While I was there I started to chat with the store owner and told him about my diet. He suggested I try some Dhall and Besan flour as well. While I was looking for these two ingredients I noticed some Almond flour. I bought a bag of each along with my rice flour and headed home to make up a new batch of diet food mix.

So here is my new recipe:

1/3 cup of Dhall flour
1/3 cup of Besan flour
1/3 cup of Almond flour
1/3 cup of Rice flour
1/3 cup of Maize flour
1/3 cup of wheat germ
1/3 cup of your favorite milk flavor (If its not yummy enough with 1/3 of a cup you can make it 2/3 of a cup.
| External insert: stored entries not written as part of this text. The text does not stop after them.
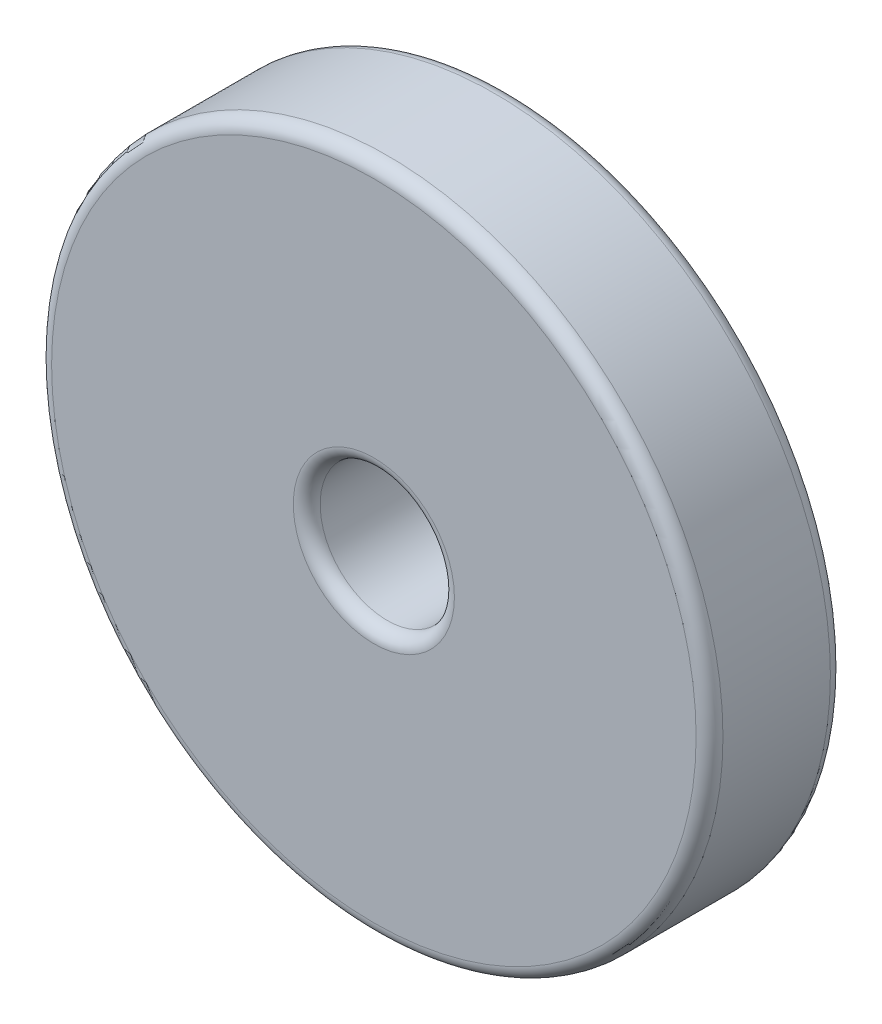
ISO-10303-21;
HEADER;
FILE_DESCRIPTION(('STEP AP214'),'2;1');
FILE_NAME('part.step','',(''),(''),'','','');
FILE_SCHEMA(('AUTOMOTIVE_DESIGN { 1 0 10303 214 1 1 1 1 }'));
ENDSEC;
DATA;
#1=APPLICATION_CONTEXT('core data for automotive mechanical design processes');
#2=APPLICATION_PROTOCOL_DEFINITION('international standard','automotive_design',2000,#1);
#3=PRODUCT_CONTEXT('',#1,'mechanical');
#4=PRODUCT('Part','Part','',(#3));
#5=PRODUCT_RELATED_PRODUCT_CATEGORY('part','',(#4));
#6=PRODUCT_DEFINITION_FORMATION('','',#4);
#7=PRODUCT_DEFINITION_CONTEXT('part definition',#1,'design');
#8=PRODUCT_DEFINITION('design','',#6,#7);
#9=PRODUCT_DEFINITION_SHAPE('','',#8);
#10=(LENGTH_UNIT() NAMED_UNIT(*) SI_UNIT(.MILLI.,.METRE.));
#11=(NAMED_UNIT(*) PLANE_ANGLE_UNIT() SI_UNIT($,.RADIAN.));
#12=(NAMED_UNIT(*) SI_UNIT($,.STERADIAN.) SOLID_ANGLE_UNIT());
#13=UNCERTAINTY_MEASURE_WITH_UNIT(LENGTH_MEASURE(1.E-05),#10,'distance_accuracy_value','');
#14=(GEOMETRIC_REPRESENTATION_CONTEXT(3) GLOBAL_UNCERTAINTY_ASSIGNED_CONTEXT((#13)) GLOBAL_UNIT_ASSIGNED_CONTEXT((#10,
#11,#12)) REPRESENTATION_CONTEXT('',''));
#15=CARTESIAN_POINT('',(0.,0.,0.));
#16=DIRECTION('',(0.,0.,1.));
#17=DIRECTION('',(1.,0.,0.));
#18=AXIS2_PLACEMENT_3D('',#15,#16,#17);
#19=CARTESIAN_POINT('',(0.,0.,10.));
#20=DIRECTION('',(0.,0.,1.));
#21=DIRECTION('',(1.,0.,0.));
#22=AXIS2_PLACEMENT_3D('',#19,#20,#21);
#23=PLANE('',#22);
#24=CARTESIAN_POINT('',(0.,0.,10.));
#25=DIRECTION('',(0.,0.,1.));
#26=DIRECTION('',(1.,0.,0.));
#27=AXIS2_PLACEMENT_3D('',#24,#25,#26);
#28=CIRCLE('',#27,24.);
#29=CARTESIAN_POINT('',(24.,0.,10.));
#30=VERTEX_POINT('',#29);
#31=EDGE_CURVE('E45',#30,#30,#28,.T.);
#32=ORIENTED_EDGE('',*,*,#31,.T.);
#33=EDGE_LOOP('',(#32));
#34=FACE_BOUND('',#33,.T.);
#35=CARTESIAN_POINT('',(0.,0.,10.));
#36=DIRECTION('',(0.,0.,1.));
#37=DIRECTION('',(1.,0.,0.));
#38=AXIS2_PLACEMENT_3D('',#35,#36,#37);
#39=CIRCLE('',#38,6.);
#40=CARTESIAN_POINT('',(6.,0.,10.));
#41=VERTEX_POINT('',#40);
#42=EDGE_CURVE('E65',#41,#41,#39,.F.);
#43=ORIENTED_EDGE('',*,*,#42,.T.);
#44=EDGE_LOOP('',(#43));
#45=FACE_BOUND('',#44,.T.);
#46=ADVANCED_FACE('F37',(#34,#45),#23,.T.);
#47=CARTESIAN_POINT('',(0.,0.,0.));
#48=DIRECTION('',(0.,0.,1.));
#49=DIRECTION('',(1.,0.,0.));
#50=AXIS2_PLACEMENT_3D('',#47,#48,#49);
#51=PLANE('',#50);
#52=CARTESIAN_POINT('',(0.,0.,0.));
#53=DIRECTION('',(0.,0.,1.));
#54=DIRECTION('',(1.,0.,0.));
#55=AXIS2_PLACEMENT_3D('',#52,#53,#54);
#56=CIRCLE('',#55,24.);
#57=CARTESIAN_POINT('',(24.,0.,0.));
#58=VERTEX_POINT('',#57);
#59=EDGE_CURVE('E50',#58,#58,#56,.F.);
#60=ORIENTED_EDGE('',*,*,#59,.T.);
#61=EDGE_LOOP('',(#60));
#62=FACE_BOUND('',#61,.T.);
#63=CARTESIAN_POINT('',(0.,0.,0.));
#64=DIRECTION('',(0.,0.,1.));
#65=DIRECTION('',(1.,0.,0.));
#66=AXIS2_PLACEMENT_3D('',#63,#64,#65);
#67=CIRCLE('',#66,6.);
#68=CARTESIAN_POINT('',(6.,0.,0.));
#69=VERTEX_POINT('',#68);
#70=EDGE_CURVE('E55',#69,#69,#67,.T.);
#71=ORIENTED_EDGE('',*,*,#70,.T.);
#72=EDGE_LOOP('',(#71));
#73=FACE_BOUND('',#72,.T.);
#74=ADVANCED_FACE('F86',(#62,#73),#51,.F.);
#75=CARTESIAN_POINT('',(0.,0.,10.));
#76=DIRECTION('',(0.,0.,-1.));
#77=DIRECTION('',(-1.,0.,0.));
#78=AXIS2_PLACEMENT_3D('',#75,#76,#77);
#79=CYLINDRICAL_SURFACE('',#78,25.);
#80=CARTESIAN_POINT('',(0.,0.,9.));
#81=DIRECTION('',(0.,0.,1.));
#82=DIRECTION('',(1.,0.,0.));
#83=AXIS2_PLACEMENT_3D('',#80,#81,#82);
#84=CIRCLE('',#83,25.);
#85=CARTESIAN_POINT('',(25.,0.,9.));
#86=VERTEX_POINT('',#85);
#87=EDGE_CURVE('E10',#86,#86,#84,.F.);
#88=ORIENTED_EDGE('',*,*,#87,.T.);
#89=EDGE_LOOP('',(#88));
#90=FACE_BOUND('',#89,.T.);
#91=CARTESIAN_POINT('',(0.,0.,0.999999999999999));
#92=DIRECTION('',(0.,0.,1.));
#93=DIRECTION('',(1.,0.,0.));
#94=AXIS2_PLACEMENT_3D('',#91,#92,#93);
#95=CIRCLE('',#94,25.);
#96=CARTESIAN_POINT('',(25.,0.,0.999999999999999));
#97=VERTEX_POINT('',#96);
#98=EDGE_CURVE('E61',#97,#97,#95,.T.);
#99=ORIENTED_EDGE('',*,*,#98,.T.);
#100=EDGE_LOOP('',(#99));
#101=FACE_BOUND('',#100,.T.);
#102=ADVANCED_FACE('F88',(#90,#101),#79,.T.);
#103=CARTESIAN_POINT('',(0.,0.,10.));
#104=DIRECTION('',(0.,0.,-1.));
#105=DIRECTION('',(-1.,0.,0.));
#106=AXIS2_PLACEMENT_3D('',#103,#104,#105);
#107=CYLINDRICAL_SURFACE('',#106,5.);
#108=CARTESIAN_POINT('',(0.,0.,9.));
#109=DIRECTION('',(0.,0.,1.));
#110=DIRECTION('',(1.,0.,0.));
#111=AXIS2_PLACEMENT_3D('',#108,#109,#110);
#112=CIRCLE('',#111,5.);
#113=CARTESIAN_POINT('',(5.,0.,9.));
#114=VERTEX_POINT('',#113);
#115=EDGE_CURVE('E69',#114,#114,#112,.T.);
#116=ORIENTED_EDGE('',*,*,#115,.T.);
#117=EDGE_LOOP('',(#116));
#118=FACE_BOUND('',#117,.T.);
#119=CARTESIAN_POINT('',(0.,0.,0.999999999999999));
#120=DIRECTION('',(0.,0.,1.));
#121=DIRECTION('',(1.,0.,0.));
#122=AXIS2_PLACEMENT_3D('',#119,#120,#121);
#123=CIRCLE('',#122,5.);
#124=CARTESIAN_POINT('',(5.,0.,0.999999999999999));
#125=VERTEX_POINT('',#124);
#126=EDGE_CURVE('E73',#125,#125,#123,.F.);
#127=ORIENTED_EDGE('',*,*,#126,.T.);
#128=EDGE_LOOP('',(#127));
#129=FACE_BOUND('',#128,.T.);
#130=ADVANCED_FACE('F78',(#118,#129),#107,.F.);
#131=CARTESIAN_POINT('',(0.,0.,9.));
#132=DIRECTION('',(0.,0.,1.));
#133=DIRECTION('',(1.,0.,0.));
#134=AXIS2_PLACEMENT_3D('',#131,#132,#133);
#135=TOROIDAL_SURFACE('',#134,6.,1.);
#136=ORIENTED_EDGE('',*,*,#42,.F.);
#137=EDGE_LOOP('',(#136));
#138=FACE_BOUND('',#137,.T.);
#139=ORIENTED_EDGE('',*,*,#115,.F.);
#140=EDGE_LOOP('',(#139));
#141=FACE_BOUND('',#140,.T.);
#142=ADVANCED_FACE('F99',(#138,#141),#135,.T.);
#143=CARTESIAN_POINT('',(0.,0.,0.999999999999999));
#144=DIRECTION('',(0.,0.,1.));
#145=DIRECTION('',(1.,0.,0.));
#146=AXIS2_PLACEMENT_3D('',#143,#144,#145);
#147=TOROIDAL_SURFACE('',#146,24.,1.);
#148=ORIENTED_EDGE('',*,*,#59,.F.);
#149=EDGE_LOOP('',(#148));
#150=FACE_BOUND('',#149,.T.);
#151=ORIENTED_EDGE('',*,*,#98,.F.);
#152=EDGE_LOOP('',(#151));
#153=FACE_BOUND('',#152,.T.);
#154=ADVANCED_FACE('F83',(#150,#153),#147,.T.);
#155=CARTESIAN_POINT('',(0.,0.,0.999999999999999));
#156=DIRECTION('',(0.,0.,1.));
#157=DIRECTION('',(1.,0.,0.));
#158=AXIS2_PLACEMENT_3D('',#155,#156,#157);
#159=TOROIDAL_SURFACE('',#158,6.,1.);
#160=ORIENTED_EDGE('',*,*,#126,.F.);
#161=EDGE_LOOP('',(#160));
#162=FACE_BOUND('',#161,.T.);
#163=ORIENTED_EDGE('',*,*,#70,.F.);
#164=EDGE_LOOP('',(#163));
#165=FACE_BOUND('',#164,.T.);
#166=ADVANCED_FACE('F80',(#162,#165),#159,.T.);
#167=CARTESIAN_POINT('',(0.,0.,9.));
#168=DIRECTION('',(0.,0.,1.));
#169=DIRECTION('',(1.,0.,0.));
#170=AXIS2_PLACEMENT_3D('',#167,#168,#169);
#171=TOROIDAL_SURFACE('',#170,24.,1.);
#172=ORIENTED_EDGE('',*,*,#87,.F.);
#173=EDGE_LOOP('',(#172));
#174=FACE_BOUND('',#173,.T.);
#175=ORIENTED_EDGE('',*,*,#31,.F.);
#176=EDGE_LOOP('',(#175));
#177=FACE_BOUND('',#176,.T.);
#178=ADVANCED_FACE('F39',(#174,#177),#171,.T.);
#179=CLOSED_SHELL('',(#46,#74,#102,#130,#142,#154,#166,#178));
#180=MANIFOLD_SOLID_BREP('B2',#179);
#181=ADVANCED_BREP_SHAPE_REPRESENTATION('',(#18,#180),#14);
#182=SHAPE_DEFINITION_REPRESENTATION(#9,#181);
ENDSEC;
END-ISO-10303-21;

Its still only a small part of the food)
2 cups of skim milk powder (or you could use a non dairy replacement for this)

mix dry ingredients well and store in an air tight container.

Add 1/3 of a cup of this mix to your chosen amount of water. You can use any amount of water but between 200ml and 600ml makes a good meal.

Buying my flour the way I do means that these meals cost about $1 Australian each. Much less than the ones in the supermarket and chemist stores. This diet recipe works just as good as theirs. The secret is in the size of the meal.

REMEMBER!!! You should only use this diet mix for one or two meals each day. It is critical that you continue to eat at least one normal size meal every day so that you do not get sick or cause your stomach to shrink. You only want to loose excess weight, not become anorexic.

Hold the press.......
If you don't want to use sweet things for the flavor why not use some gravy powder. There are hundreds of varieties you can choose from. I have made a chicken flavored meal using chicken gravy powder and it tastes just terrific. I am still using 1/3 of a cup of this powder.

And now that winter is coming in the southern hemisphere, you could use heated water. Want more heat? Try a sprinkling of your favorite pepper. Stir well.